Is Informational Privacy a Matter of Contextual Integrity?

It is no secret that theories of informational privacy based on defining privacy as restricting access to information or maintaining control over information are losing credibility. This is because they think of information as a kind of thing that can be locked up in a safe place, whose ownership can be clearly ascertained, and whose control is possible. These are assumptions typical of an industrial society based on personal property rights and markets of exchange. The digital revolution has made many of these assumptions obsolete. Information is not a thing, there is no “place” where information can be locked up, and ownership as well as control is vague and contestable. Among those thinkers searching for new interpretations of privacy Helen Nissenbaum (Privacy in Context – Technology, Policy, and the Integrity of Social Life, Stanford University Press, 2010) has elaborated a theory basing privacy on what she calls “contextual integrity.” “What people care most about is not simply restricting the flow of information but ensuring that it flows appropriately…” (2). Consequently, when we talk about a right to privacy, we are talking about a right to “appropriate flow” of information and not as is often assumed about a right to secrecy or to absolute control of personal data.

Legal practice has in fact relied more on what people expect than on abstract definitions of privacy. Being left alone, as Warren and Brandeis described privacy, is a matter of reasonable expectations within a certain social situation. Such a situation Nissenbaum calls a “context.” Society is made up of many different contexts, such as education, health care, politics, business, family, etc. In every context there are norms and rules that govern the flow of information. When functioning properly, these “informational norms” “define and sustain essential activities and key relationships and interests, protect people and groups against harm, and balance the distribution of power” (3). When people feel that their privacy has been violated, it is always with reference not to abstract concepts of access and control, but to the informational norms governing the particular context in which they are acting. What privacy means varies from context to context.

Since reasonable expectation to privacy and thus the right to privacy is derived from the context everything depends on how contexts are understood and analyzed. For Nissenbaum “Contexts are structured social settings characterized by canonical activities, roles, relationships, power structures, norms (or rules), and internal values (goals, ends, purposes)” (132). Contexts can be more or less formalized and institutionalized, they can overlap or be nested within one another. Within any given context, those rules governing the flow of information may be termed “informational norms.” These norms condition expectations about who can gather, transmit, and use information about what in which ways. Whenever claims to protecting privacy are made then the validity of these claims can be ascertained by determining whether or not changes with regard to actors, types of information, modes of transmission etc. have occurred within the context. If this is the case, as it often is with the introduction of new information and communication technologies, then the “integrity” of the context has been violated. Contextual integrity therefore explains why and how privacy rights have been violated and also allows for a differentiated analysis of exactly where the problem has arisen and what can be done to protect informational privacy.

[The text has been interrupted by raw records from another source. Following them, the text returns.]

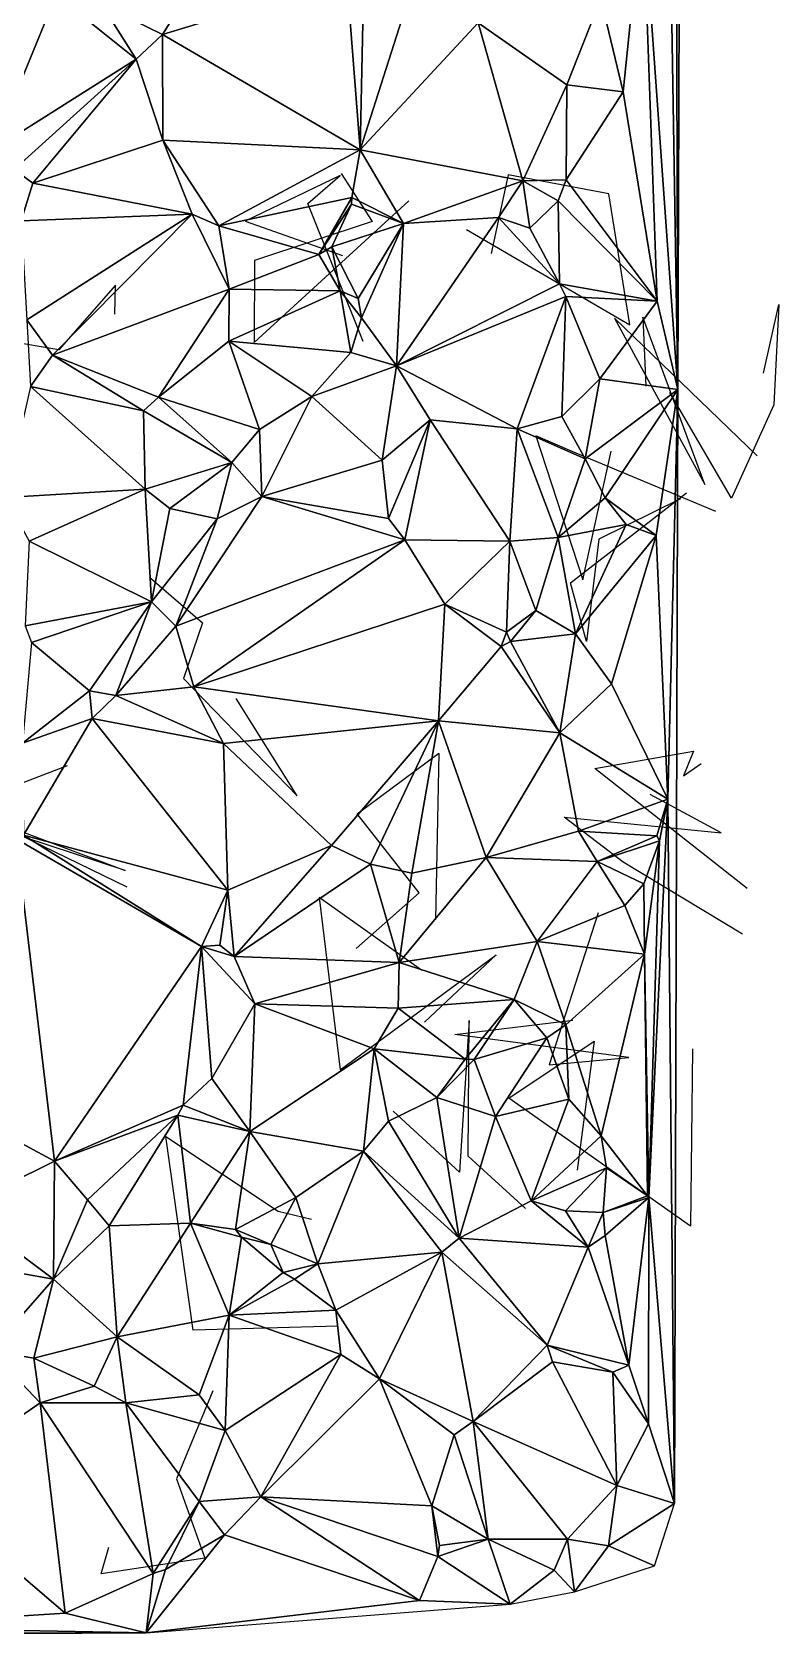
# Model space of a CAD drawing. Header units: metres. Extents: x -15.7 to 15.9, y -15.7 to 15.8.
# Drawn here: x 9.26 to 15.85, y -14.97 to -0.74 of the extents above; entities that cross this region are included whole.
import ezdxf

# ---------------------------------------------------------------- set-up
doc = ezdxf.new("R2010")
doc.units = ezdxf.units.M
doc.layers.add('CRACKS', color=1, linetype='Continuous')
doc.layers.add('STREET_MESH', color=7, linetype='Continuous')

msp = doc.modelspace()

# ---------------------------------------------------------------- linework, layer by layer
at = {"layer": 'CRACKS'}
for points in [[(12.182, -3.477, 0.1), (11.694, -2.258, 0.1), (11.977, -2.009, 0.1), (11.139, -2.415, 0.1), (11.998, -2.718, 0.1)], [(11.988, -1.993, 0.1), (12.261, -2.416, 0.1), (11.222, -2.761, 0.1), (11.219, -3.487, 0.1), (12.585, -2.233, 0.1)], [(13.096, -2.487, 0.1), (14.538, -3.329, 0.1), (14.353, -2.173, 0.1), (13.464, -2.005, 0.1), (13.314, -2.699, 0.1)], [(9.988, -3.235, 0.1), (9.994, -2.979, 0.1), (9.493, -3.55, 0.1), (9.042, -3.475, 0.1), (8.799, -2.762, 0.1)], [(15.663, -4.487, 0.1), (14.403, -3.271, 0.1), (15.2, -4.742, 0.1), (14.654, -3.263, 0.1), (14.68, -3.871, 0.1)], [(15.72, -3.758, 0.1), (15.855, -3.15, 0.1), (15.812, -4.037, 0.1), (15.436, -4.861, 0.1), (14.893, -3.929, 0.1)], [(15.297, -4.981, 0.1), (14.03, -4.451, 0.1), (13.707, -4.312, 0.1), (14.123, -5.584, 0.1), (14.374, -4.448, 0.1)], [(14.987, -4.869, 0.1), (14.264, -5.224, 0.1), (14.154, -6.128, 0.1), (14.014, -5.609, 0.1), (15.038, -4.815, 0.1)], [(10.293, -5.56, 0.1), (10.762, -5.963, 0.1), (10.593, -6.456, 0.1), (11.599, -7.494, 0.1), (11.058, -6.632, 0.1)], [(15.574, -8.312, 0.1), (14.23, -7.252, 0.1), (15.102, -7.099, 0.1), (15.014, -7.315, 0.1), (15.169, -7.207, 0.1)], [(10.095, -8.299, 0.1), (8.815, -7.679, 0.1), (10.079, -8.152, 0.1), (8.498, -7.635, 0.1), (9.569, -7.226, 0.1)], [(12.121, -8.843, 0.1), (12.677, -8.349, 0.1), (12.128, -7.651, 0.1), (12.851, -7.115, 0.1), (12.822, -8.587, 0.1)], [(15.535, -8.714, 0.1), (14.479, -8.08, 0.1), (13.959, -7.682, 0.1), (15.346, -7.82, 0.1), (14.718, -7.482, 0.1)], [(12.697, -9.033, 0.1), (11.792, -8.391, 0.1), (11.979, -9.915, 0.1), (13.356, -8.898, 0.1), (12.723, -9.493, 0.1)], [(14.258, -8.526, 0.1), (13.825, -9.87, 0.1), (14.528, -9.804, 0.1), (12.991, -9.603, 0.1), (14.034, -9.476, 0.1)], [(13.617, -11.141, 0.1), (13.109, -10.677, 0.1), (13.119, -9.477, 0.1), (13.034, -10.82, 0.1), (12.446, -10.278, 0.1)], [(15.093, -9.729, 0.1), (15.075, -11.297, 0.1), (13.469, -10.166, 0.1), (14.224, -9.661, 0.1), (14.073, -10.8, 0.1)], [(11.957, -12.179, 0.1), (10.68, -12.214, 0.1), (10.439, -10.502, 0.1), (11.429, -11.164, 0.1), (11.726, -11.234, 0.1)], [(10.852, -12.75, 0.1), (10.533, -13.528, 0.1), (10.781, -14.23, 0.1), (9.866, -14.367, 0.1), (9.935, -14.133, 0.1)]]:
    msp.add_polyline3d(points, dxfattribs=at)
at = {"layer": 'STREET_MESH'}
for points in [[(14.995, 5.436), (14.963, -3.903), (14.933, -13.748)], [(14.943, 2.753), (14.963, -3.903), (14.995, 5.436)], [(14.943, 2.753), (14.864, 2.036), (14.963, -3.903)], [(14.864, 2.036), (14.654, 0.43), (14.963, -3.903)], [(14.654, 0.43), (14.283, -0.447), (14.479, -1.27)], [(14.779, -3.122), (14.654, 0.43), (14.479, -1.27)], [(14.654, 0.43), (14.779, -3.122), (14.963, -3.903)], [(8.89, 0.016), (8.304, -1.112), (9.469, -0.413)], [(10.901, 0.024), (9.873, -0.502), (10.407, -0.765)], [(12.036, -0.265), (10.901, 0.024), (10.407, -0.765)], [(12.036, -0.265), (10.407, -0.765), (12.156, -1.784)], [(12.185, -0.378), (12.036, -0.265), (12.156, -1.784)], [(9.469, -0.413), (8.304, -1.112), (8.906, -1.783)], [(10.176, -0.981), (9.469, -0.413), (8.906, -1.783)], [(10.176, -0.981), (9.873, -0.502), (9.469, -0.413)], [(12.524, -0.632), (12.185, -0.378), (12.156, -1.784)], [(9.873, -0.502), (10.176, -0.981), (10.407, -0.765)], [(13.983, -1.208), (14.283, -0.447), (13.197, -0.66)], [(14.283, -0.447), (13.983, -1.208), (14.479, -1.27)], [(13.197, -0.66), (12.524, -0.632), (12.156, -1.784)], [(13.593, -2.057), (13.197, -0.66), (12.156, -1.784)], [(13.593, -2.057), (13.983, -1.208), (13.197, -0.66)], [(10.176, -0.981), (10.412, -1.698), (10.407, -0.765)], [(10.407, -0.765), (10.412, -1.698), (12.156, -1.784)], [(9.097, -1.957), (10.176, -0.981), (8.906, -1.783)], [(10.176, -0.981), (9.097, -1.957), (9.262, -2.078)], [(10.412, -1.698), (10.176, -0.981), (9.262, -2.078)], [(13.983, -1.208), (13.593, -2.057), (13.976, -2.049)], [(13.983, -1.208), (13.976, -2.049), (14.479, -1.27)], [(13.976, -2.049), (14.779, -3.122), (14.479, -1.27)], [(10.669, -2.353), (10.412, -1.698), (9.262, -2.078)], [(10.412, -1.698), (10.907, -2.456), (12.156, -1.784)], [(10.907, -2.456), (10.412, -1.698), (10.669, -2.353)], [(10.907, -2.456), (12.082, -2.206), (12.156, -1.784)], [(12.082, -2.206), (12.537, -2.436), (12.156, -1.784)], [(12.537, -2.436), (13.593, -2.057), (12.156, -1.784)], [(9.097, -1.957), (9.159, -2.412), (9.262, -2.078)], [(9.159, -2.412), (10.669, -2.353), (9.262, -2.078)], [(13.593, -2.057), (12.537, -2.436), (13.379, -2.382)], [(13.656, -2.475), (13.593, -2.057), (13.379, -2.382)], [(13.593, -2.057), (13.906, -2.235), (13.976, -2.049)], [(13.906, -2.235), (13.593, -2.057), (13.656, -2.475)], [(13.976, -2.049), (13.906, -2.235), (14.779, -3.122)], [(11.789, -2.708), (12.082, -2.206), (10.907, -2.456)], [(11.789, -2.708), (12.079, -2.265), (12.082, -2.206)], [(12.079, -2.265), (11.789, -2.708), (11.905, -2.641)], [(12.537, -2.436), (12.079, -2.265), (11.905, -2.641)], [(12.079, -2.265), (12.537, -2.436), (12.082, -2.206)], [(13.906, -2.235), (13.656, -2.475), (13.916, -2.969)], [(13.906, -2.235), (13.916, -2.969), (14.779, -3.122)], [(9.159, -2.412), (9.21, -3.286), (10.669, -2.353)], [(9.21, -3.286), (9.436, -3.598), (10.669, -2.353)], [(10.669, -2.353), (9.436, -3.598), (10.997, -3.015)], [(10.907, -2.456), (10.669, -2.353), (10.997, -3.015)], [(13.916, -2.969), (13.379, -2.382), (12.475, -3.691)], [(13.379, -2.382), (12.537, -2.436), (12.475, -3.691)], [(13.916, -2.969), (13.656, -2.475), (13.379, -2.382)], [(11.789, -2.708), (10.907, -2.456), (10.997, -3.015)], [(12.136, -3.096), (12.537, -2.436), (11.905, -2.641)], [(12.537, -2.436), (12.136, -3.096), (12.167, -3.268)], [(12.537, -2.436), (12.167, -3.268), (12.475, -3.691)], [(11.789, -2.708), (11.978, -3.031), (11.905, -2.641)], [(11.978, -3.031), (12.136, -3.096), (11.905, -2.641)], [(11.978, -3.031), (11.789, -2.708), (10.997, -3.015)], [(13.973, -3.08), (13.916, -2.969), (12.475, -3.691)], [(14.779, -3.122), (13.916, -2.969), (13.973, -3.08)], [(9.436, -3.598), (10.373, -3.97), (10.997, -3.015)], [(10.373, -3.97), (10.994, -3.473), (10.997, -3.015)], [(10.994, -3.473), (11.978, -3.031), (10.997, -3.015)], [(12.072, -3.574), (11.978, -3.031), (10.994, -3.473)], [(11.978, -3.031), (12.072, -3.574), (12.167, -3.268)], [(12.136, -3.096), (11.978, -3.031), (12.167, -3.268)], [(13.542, -4.25), (13.973, -3.08), (12.475, -3.691)], [(13.542, -4.25), (13.938, -4.139), (13.973, -3.08)], [(13.938, -4.139), (14.273, -3.806), (13.973, -3.08)], [(14.273, -3.806), (14.779, -3.122), (13.973, -3.08)], [(14.779, -3.122), (14.273, -3.806), (14.963, -3.903)], [(12.167, -3.268), (12.072, -3.574), (12.475, -3.691)], [(9.436, -3.598), (9.21, -3.286), (9.242, -3.874)], [(11.266, -4.254), (10.994, -3.473), (10.373, -3.97)], [(10.994, -3.473), (11.266, -4.254), (11.729, -3.964)], [(12.072, -3.574), (10.994, -3.473), (11.729, -3.964)], [(9.436, -3.598), (9.242, -3.874), (10.24, -4.091)], [(9.436, -3.598), (10.24, -4.091), (10.373, -3.97)], [(12.072, -3.574), (11.729, -3.964), (12.475, -3.691)], [(11.729, -3.964), (12.351, -4.527), (12.475, -3.691)], [(12.351, -4.527), (12.773, -4.169), (12.475, -3.691)], [(12.773, -4.169), (13.542, -4.25), (12.475, -3.691)], [(14.273, -3.806), (13.938, -4.139), (14.144, -4.514)], [(14.963, -3.903), (14.273, -3.806), (14.144, -4.514)], [(10.255, -4.783), (9.242, -3.874), (9.021, -4.855)], [(10.24, -4.091), (9.242, -3.874), (10.255, -4.783)], [(10.373, -3.97), (10.24, -4.091), (11.022, -4.547)], [(11.266, -4.254), (10.373, -3.97), (11.022, -4.547)], [(11.266, -4.254), (11.286, -4.846), (11.729, -3.964)], [(11.286, -4.846), (12.351, -4.527), (11.729, -3.964)], [(14.319, -4.859), (14.963, -3.903), (14.144, -4.514)], [(14.319, -4.859), (14.771, -5.191), (14.963, -3.903)], [(14.963, -3.903), (14.771, -5.191), (14.874, -7.521)], [(14.963, -3.903), (14.874, -7.521), (14.933, -13.748)], [(10.24, -4.091), (10.255, -4.783), (11.022, -4.547)], [(11.286, -4.846), (11.266, -4.254), (11.022, -4.547)], [(12.351, -4.527), (12.405, -5.042), (12.773, -4.169)], [(12.405, -5.042), (12.549, -5.231), (12.773, -4.169)], [(12.549, -5.231), (13.478, -5.242), (12.773, -4.169)], [(13.478, -5.242), (13.542, -4.25), (12.773, -4.169)], [(13.542, -4.25), (13.478, -5.242), (13.904, -5.209)], [(13.938, -4.139), (13.542, -4.25), (14.144, -4.514)], [(13.542, -4.25), (13.904, -5.209), (14.144, -4.514)], [(10.255, -4.783), (10.473, -4.952), (11.022, -4.547)], [(11.022, -4.547), (10.473, -4.952), (10.892, -5.045)], [(11.286, -4.846), (11.022, -4.547), (10.892, -5.045)], [(11.286, -4.846), (12.405, -5.042), (12.351, -4.527)], [(13.904, -5.209), (14.319, -4.859), (14.144, -4.514)], [(9.23, -5.242), (10.255, -4.783), (9.021, -4.855)], [(10.255, -4.783), (9.23, -5.242), (10.311, -5.777)], [(10.473, -4.952), (10.255, -4.783), (10.311, -5.777)], [(10.473, -4.952), (10.311, -5.777), (10.892, -5.045)], [(10.525, -5.992), (11.286, -4.846), (10.892, -5.045)], [(11.286, -4.846), (10.525, -5.992), (12.549, -5.231)], [(12.405, -5.042), (11.286, -4.846), (12.549, -5.231)], [(14.506, -5.095), (14.319, -4.859), (13.904, -5.209)], [(14.319, -4.859), (14.506, -5.095), (14.771, -5.191)], [(10.311, -5.777), (10.525, -5.992), (10.892, -5.045)], [(14.057, -6.062), (14.506, -5.095), (13.904, -5.209)], [(14.506, -5.095), (14.057, -6.062), (14.771, -5.191)], [(9.23, -5.242), (9.196, -5.99), (10.311, -5.777)], [(12.549, -5.231), (10.525, -5.992), (10.686, -6.528)], [(12.902, -5.799), (12.549, -5.231), (10.686, -6.528)], [(12.902, -5.799), (13.478, -5.242), (12.549, -5.231)], [(13.448, -6.047), (13.478, -5.242), (12.902, -5.799)], [(13.448, -6.047), (13.708, -5.854), (13.478, -5.242)], [(13.478, -5.242), (13.708, -5.854), (13.904, -5.209)], [(13.708, -5.854), (14.057, -6.062), (13.904, -5.209)], [(14.057, -6.062), (14.375, -6.502), (14.771, -5.191)], [(14.771, -5.191), (14.375, -6.502), (14.874, -7.521)], [(9.196, -5.99), (9.251, -6.138), (10.311, -5.777)], [(9.251, -6.138), (9.764, -6.564), (10.311, -5.777)], [(9.764, -6.564), (9.995, -6.607), (10.311, -5.777)], [(9.995, -6.607), (10.525, -5.992), (10.311, -5.777)], [(12.846, -6.83), (12.902, -5.799), (10.686, -6.528)], [(13.4, -6.172), (12.902, -5.799), (12.846, -6.83)], [(13.4, -6.172), (13.448, -6.047), (12.902, -5.799)], [(13.708, -5.854), (13.448, -6.047), (13.485, -6.129)], [(13.708, -5.854), (13.485, -6.129), (14.057, -6.062)], [(10.525, -5.992), (9.995, -6.607), (10.686, -6.528)], [(13.485, -6.129), (13.448, -6.047), (13.4, -6.172)], [(13.485, -6.129), (13.921, -6.937), (14.057, -6.062)], [(14.057, -6.062), (13.921, -6.937), (14.375, -6.502)], [(9.764, -6.564), (9.251, -6.138), (9.171, -7.026)], [(13.921, -6.937), (13.4, -6.172), (12.846, -6.83)], [(13.485, -6.129), (13.4, -6.172), (13.921, -6.937)], [(9.995, -6.607), (10.946, -7.03), (10.686, -6.528)], [(10.946, -7.03), (12.846, -6.83), (10.686, -6.528)], [(14.375, -6.502), (13.921, -6.937), (14.874, -7.521)], [(9.788, -6.81), (9.764, -6.564), (9.171, -7.026)], [(9.788, -6.81), (9.995, -6.607), (9.764, -6.564)], [(9.995, -6.607), (9.788, -6.81), (10.946, -7.03)], [(9.18, -7.841), (9.788, -6.81), (9.171, -7.026)], [(9.788, -6.81), (9.18, -7.841), (10.986, -8.327)], [(10.946, -7.03), (9.788, -6.81), (10.986, -8.327)], [(12.846, -6.83), (10.946, -7.03), (11.902, -7.932)], [(12.246, -8.098), (12.846, -6.83), (11.902, -7.932)], [(12.246, -8.098), (12.612, -8.175), (12.846, -6.83)], [(12.612, -8.175), (13.268, -8.037), (12.846, -6.83)], [(13.268, -8.037), (13.921, -6.937), (12.846, -6.83)], [(14.086, -7.806), (13.921, -6.937), (13.268, -8.037)], [(13.921, -6.937), (14.086, -7.806), (14.874, -7.521)], [(10.946, -7.03), (10.986, -8.327), (11.902, -7.932)], [(14.086, -7.806), (14.778, -7.846), (14.874, -7.521)], [(14.874, -7.521), (14.705, -11.041), (14.933, -13.748)], [(14.801, -7.891), (14.705, -11.041), (14.874, -7.521)], [(14.778, -7.846), (14.801, -7.891), (14.874, -7.521)], [(14.086, -7.806), (13.268, -8.037), (14.25, -8.073)], [(14.778, -7.846), (14.086, -7.806), (14.25, -8.073)], [(8.13, -10.008), (9.454, -10.72), (9.116, -7.872)], [(9.18, -7.841), (9.116, -7.872), (10.754, -8.824)], [(9.116, -7.872), (9.454, -10.72), (10.754, -8.824)], [(10.986, -8.327), (9.18, -7.841), (10.754, -8.824)], [(10.986, -8.327), (11.041, -8.913), (11.902, -7.932)], [(11.041, -8.913), (12.246, -8.098), (11.902, -7.932)], [(14.801, -7.891), (14.778, -7.846), (14.25, -8.073)], [(14.661, -8.271), (14.801, -7.891), (14.25, -8.073)], [(14.801, -7.891), (14.661, -8.271), (14.667, -8.892)], [(14.705, -11.041), (14.801, -7.891), (14.667, -8.892)], [(12.246, -8.098), (11.041, -8.913), (12.501, -8.967)], [(12.612, -8.175), (12.246, -8.098), (12.501, -8.967)], [(13.268, -8.037), (12.501, -8.967), (13.718, -8.781)], [(13.268, -8.037), (12.612, -8.175), (12.501, -8.967)], [(14.25, -8.073), (13.268, -8.037), (13.718, -8.781)], [(14.494, -8.461), (14.25, -8.073), (13.718, -8.781)], [(14.494, -8.461), (14.661, -8.271), (14.25, -8.073)], [(10.915, -8.812), (10.986, -8.327), (10.754, -8.824)], [(10.915, -8.812), (11.041, -8.913), (10.986, -8.327)], [(14.661, -8.271), (14.494, -8.461), (14.667, -8.892)], [(14.667, -8.892), (14.494, -8.461), (13.718, -8.781)], [(11.041, -8.913), (10.915, -8.812), (10.754, -8.824)], [(12.501, -8.967), (13.516, -9.294), (13.718, -8.781)], [(13.516, -9.294), (13.972, -9.517), (13.718, -8.781)], [(13.972, -9.517), (14.667, -8.892), (13.718, -8.781)], [(9.454, -10.72), (10.591, -10.226), (10.754, -8.824)], [(10.591, -10.226), (10.843, -9.99), (10.754, -8.824)], [(10.843, -9.99), (11.225, -9.332), (10.754, -8.824)], [(11.225, -9.332), (11.041, -8.913), (10.754, -8.824)], [(12.501, -8.967), (11.041, -8.913), (11.225, -9.332)], [(14.667, -8.892), (13.972, -9.517), (14.285, -10.496)], [(14.694, -11.027), (14.667, -8.892), (14.285, -10.496)], [(14.694, -11.027), (14.705, -11.041), (14.667, -8.892)], [(12.491, -9.369), (12.501, -8.967), (11.225, -9.332)], [(12.501, -8.967), (12.491, -9.369), (13.516, -9.294)], [(11.225, -9.332), (10.843, -9.99), (11.179, -10.46)], [(12.28, -9.728), (11.225, -9.332), (11.179, -10.46)], [(12.28, -9.728), (12.491, -9.369), (11.225, -9.332)], [(13.082, -9.821), (12.491, -9.369), (12.28, -9.728)], [(12.491, -9.369), (13.082, -9.821), (13.516, -9.294)], [(13.082, -9.821), (13.163, -9.824), (13.516, -9.294)], [(13.163, -9.824), (13.806, -9.631), (13.516, -9.294)], [(13.806, -9.631), (13.972, -9.517), (13.516, -9.294)], [(13.972, -9.517), (13.806, -9.631), (13.998, -10.174)], [(14.285, -10.496), (13.972, -9.517), (13.998, -10.174)], [(13.806, -9.631), (13.163, -9.824), (13.352, -10.326)], [(13.806, -9.631), (13.352, -10.326), (13.998, -10.174)], [(12.184, -10.633), (12.28, -9.728), (11.179, -10.46)], [(12.28, -9.728), (12.184, -10.633), (12.406, -10.368)], [(12.28, -9.728), (12.406, -10.368), (12.833, -10.158)], [(13.082, -9.821), (12.28, -9.728), (12.833, -10.158)], [(13.163, -9.824), (13.082, -9.821), (12.833, -10.158)], [(13.352, -10.326), (13.163, -9.824), (12.833, -10.158)], [(9.454, -10.72), (8.13, -10.008), (8.607, -11.139)], [(10.843, -9.99), (10.591, -10.226), (11.179, -10.46)], [(10.591, -10.226), (9.454, -10.72), (10.545, -10.315)], [(10.591, -10.226), (10.545, -10.315), (11.179, -10.46)], [(12.406, -10.368), (13.031, -11.403), (12.833, -10.158)], [(13.031, -11.403), (13.352, -10.326), (12.833, -10.158)], [(13.352, -10.326), (13.665, -11.072), (13.998, -10.174)], [(13.665, -11.072), (14.285, -10.496), (13.998, -10.174)], [(9.454, -10.72), (9.744, -11.063), (10.545, -10.315)], [(9.744, -11.063), (9.938, -11.292), (10.545, -10.315)], [(10.545, -10.315), (9.938, -11.292), (10.656, -11.27)], [(11.179, -10.46), (10.545, -10.315), (10.656, -11.27)], [(12.184, -10.633), (13.031, -11.403), (12.406, -10.368)], [(13.031, -11.403), (13.665, -11.072), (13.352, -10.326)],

Despite the promising move away from privacy theories based on outmoded rights of access and control, Nissenbaum’s contextual integrity theory raises questions of its own. Any change in informational norms, that is, in actors, information, technologies of transmission, etc. will disappoint some people who can then claim that these innovations violate the integrity of the social context. But technological innovation will also be enthusiastically embraced by others. So which understanding of the integrity of a context is the right one? Whose interpretation of any context is valid? Contexts are never fixed, but are always contestable and constantly changing. Appealing to the integrity of a context as a means to determine whether or not privacy has been violated turns out to be begging the question, because no one can definitively say, what the context is and which informational norms are the right ones. Perhaps a more fruitful approach would be to take a step back from context and focus on those norms governing how contexts and informational norms are negotiated, established, maintained, and transformed. A theory of privacy for the digital age might need to go beyond any given social context to find its foundation in the norms of building networks in a global network society.